Selbst Serena Williams war begeistert – und nicht genervt, wie man es aufgrund der Ansetzung ihrer Partie nach dem Murray-Match hätte vermuten müssen. «Normalerweise ist es so: Wenn du auf dein Spiel wartest und im Match vor dir auf diesem Platz liegt einer 0:2 hinten nach Sätzen, bist du für denjenigen, der führt, damit das Match schnell zu Ende geht und du auf den Platz kannst», erzählt Williams später nach ihrem 102. Sieg bei den US Open, mit dem sie die bisherige Rekordhalterin Chris Evert überflügelte. «Aber ich habe Andy die ganz Zeit angefeuert. Ich wollte wirklich, dass er gewinnt.»
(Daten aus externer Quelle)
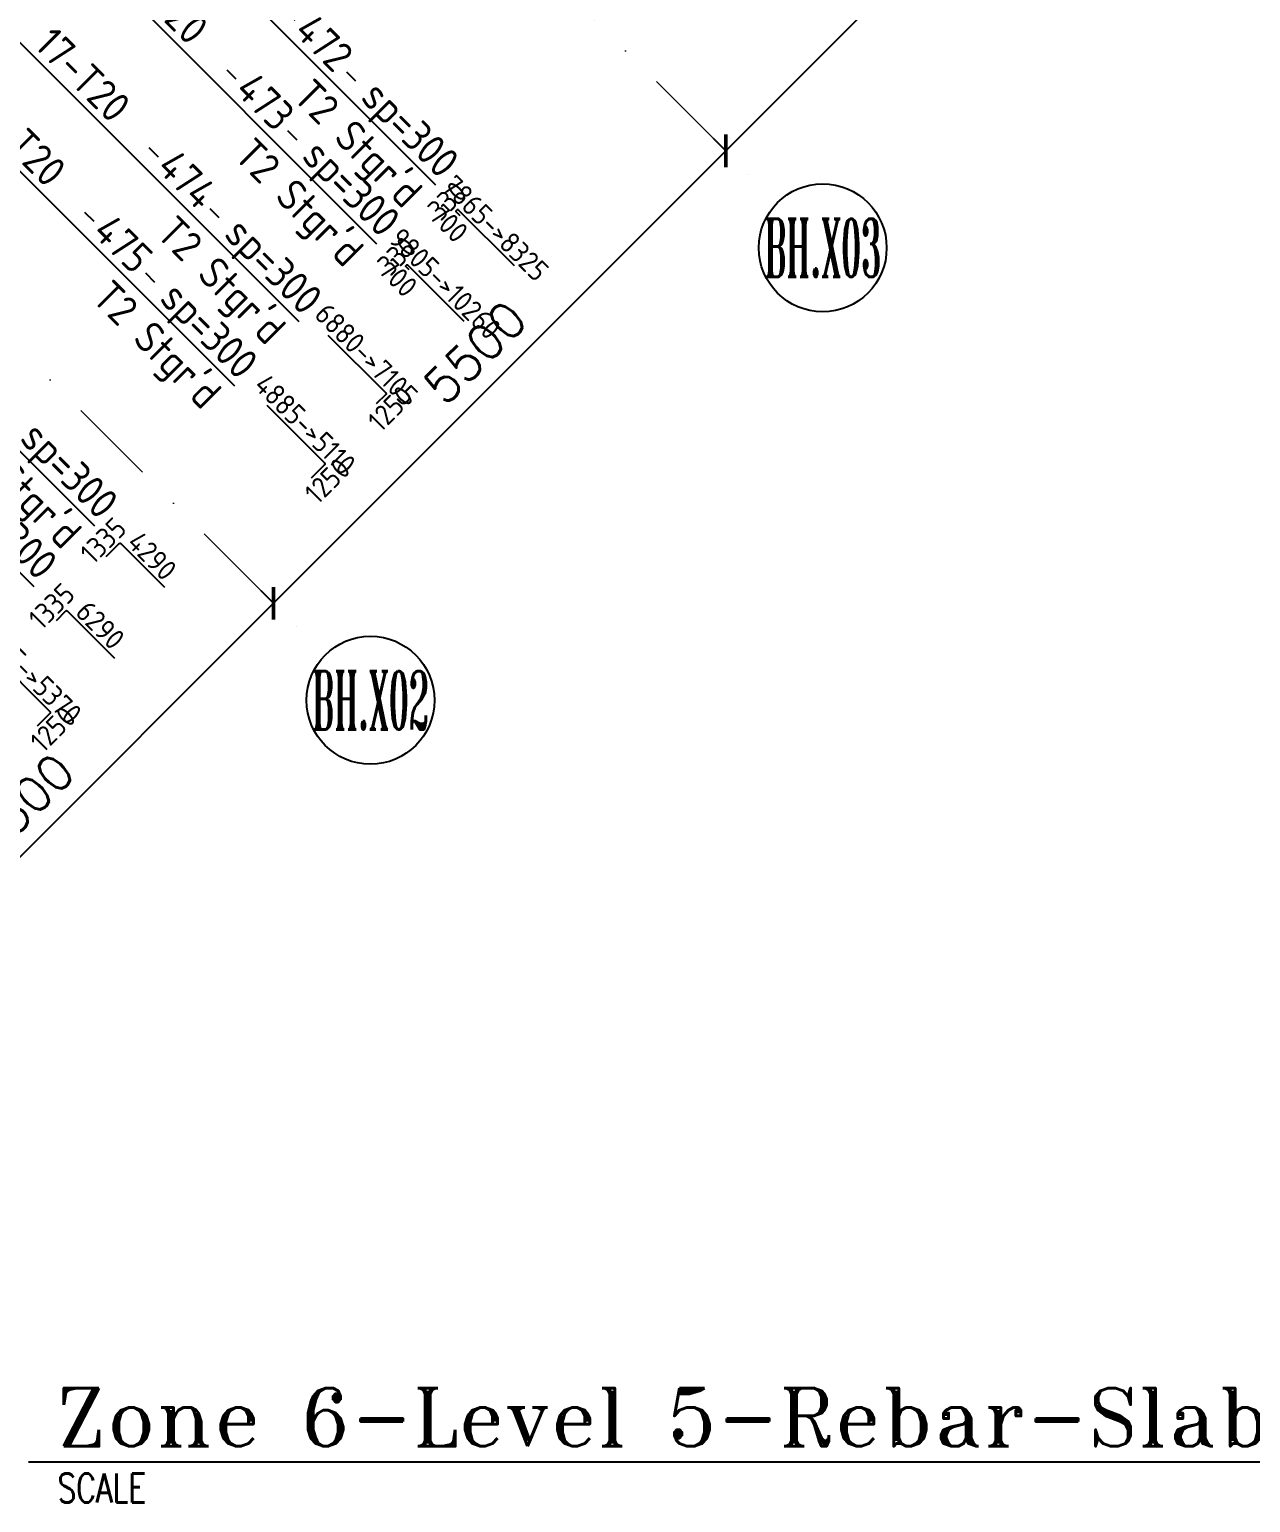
# Model space of a CAD drawing. Extents: x 660761725 to 1323371458, y 2734871439 to 5470067957.
# Drawn here: x 661758507 to 661769008, y 2735011459 to 2735024123 of the extents above; entities that cross this region are included whole.
import ezdxf
from ezdxf.enums import TextEntityAlignment as Align

# ---------------------------------------------------------------- set-up
doc = ezdxf.new("R2010")
doc.units = 0
doc.linetypes.add('AXES', pattern=[1.95, 1.2, -0.25, 0.25, -0.25])
doc.linetypes.add('sbp_axis_short', pattern=[10, 5, -2.5, 0, -2.5])
for name, color, linetype, lineweight in [('A-FLOR-PATT', 7, 'Continuous', 15), ('S-GRID', 7, 'Continuous', 9), ('S-GRID-IDEN', 7, 'Continuous', 13)]:
    doc.layers.add(name, color=color, linetype=linetype, lineweight=lineweight)
for name, color, linetype in [('S-AXIS', 20, 'AXES'), ('S-DIMO', 100, 'Continuous'), ('S-RDIMO', 8, 'Continuous'), ('S-RSYMB', 7, 'Continuous'), ('S-SIMPLETEXT', 7, 'Continuous'), ('S-TXT', 3, 'Continuous'), ('S-TXT-B', 7, 'Continuous')]:
    doc.layers.add(name, color=color, linetype=linetype)
doc.styles.add('ARMACAD', font='isocp.shx')
doc.styles.add('ROMANS', font='romans.shx')
doc.styles.add('ROMANT', font='romant')
doc.dimstyles.new('S-DIMO-100', dxfattribs={"dimscale": 100, "dimtxt": 3, "dimasz": 2, "dimexe": 1.5, "dimexo": 1.5, "dimgap": 1.5, "dimtad": 1, "dimdec": 0, "dimzin": 12, "dimdsep": 46, "dimtxsty": 'ROMANS', "dimblk": 'ARCHTICK', "dimcen": 0.09, "dimdle": 1.5, "dimclrd": 8, "dimclre": 8, "dimclrt": 4, "dimadec": 0, "dimazin": 3, "dimtfac": 1, "dimtdec": 0, "dimtix": 1, "dimtmove": 1, "dimatfit": 3, "dimfxl": 1, "dimtolj": 1, "dimtzin": 0, "dimarcsym": 0})
pattern_1 = [(74.99999999999999, (0, 0), (-153.3407249233896, 41.08752341002518), [])]

# ---------------------------------------------------------------- blocks, each defined once
blk = doc.blocks.new('_ARCHTICK')
at = {"color": 0, "linetype": 'ByBlock', "const_width": 0.15}
blk.add_lwpolyline([(-0.5, -0.5), (0.5, 0.5)], dxfattribs=at)
blk = doc.blocks.new('*D112')
at = {"layer": 'S-DIMO', "color": 8, "lineweight": -2, "transparency": 16777216}
for p, q in [((662653611.4952661, 2734522459.725241), (662650429.5885128, 2734519277.670966)), ((662653498.9619807, 2734522360.126192), (662653399.3632317, 2734522459.720323)), ((662650529.1134998, 2734519390.27771), (662650429.5835955, 2734519489.803))]:
    blk.add_line(p, q, dxfattribs=at)
at = {"layer": 'S-DIMO', "color": 8, "lineweight": -2, "transparency": 16777216, "xscale": 200, "yscale": 200, "zscale": 200}
for p, rotation in [((662653505.4317075, 2734522353.656765), 45.00132815847456), ((662650535.6520714, 2734519383.739442), 225.0013281584746)]:
    blk.add_blockref('_ARCHTICK', p, dxfattribs=dict(at, rotation=rotation))
at = {"layer": 'S-DIMO', "color": 4, "transparency": 16777216, "insert": (662651808.4049373, 2734521080.825221), "char_height": 300, "width": 199.5440968434552, "attachment_point": 5, "rotation": 45.00132815847457, "style": 'ROMANS'}
blk.add_mtext('\\A1;4200', dxfattribs=at)
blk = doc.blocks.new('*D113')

Eisbad? «Das ist für mich ein Notfall»
Das tat er dann auch tatsächlich und hatte anschliessend nur ein Problem: Wegen der strengen Hygieneregelungen sind die sonst bei Profis oft beliebten Eistonnen in diesem Jahr tabu. Doch Murray wusste sich zu helfen. «Es gibt ein Eisbad hier auf der Anlage, das man im Falle eines Notfalls benutzen darf. Für mich ist das ein Notfall, weil mein ganzer Körper schmerzt», sagt er (im Video am Anfang des Artikels). Und natürlich erlaubten die Turnierchefs dem Champion von 2012 den Gang in das kalte Wasser. «Ich werde heute Nacht gut schlafen», meint Murray zur Verabschiedung – und mit Vorfreude auf die nächste Herausforderung gegen das 20 Jahre alte kanadische Toptalent Felix Auger-Aliassime am Donnerstag.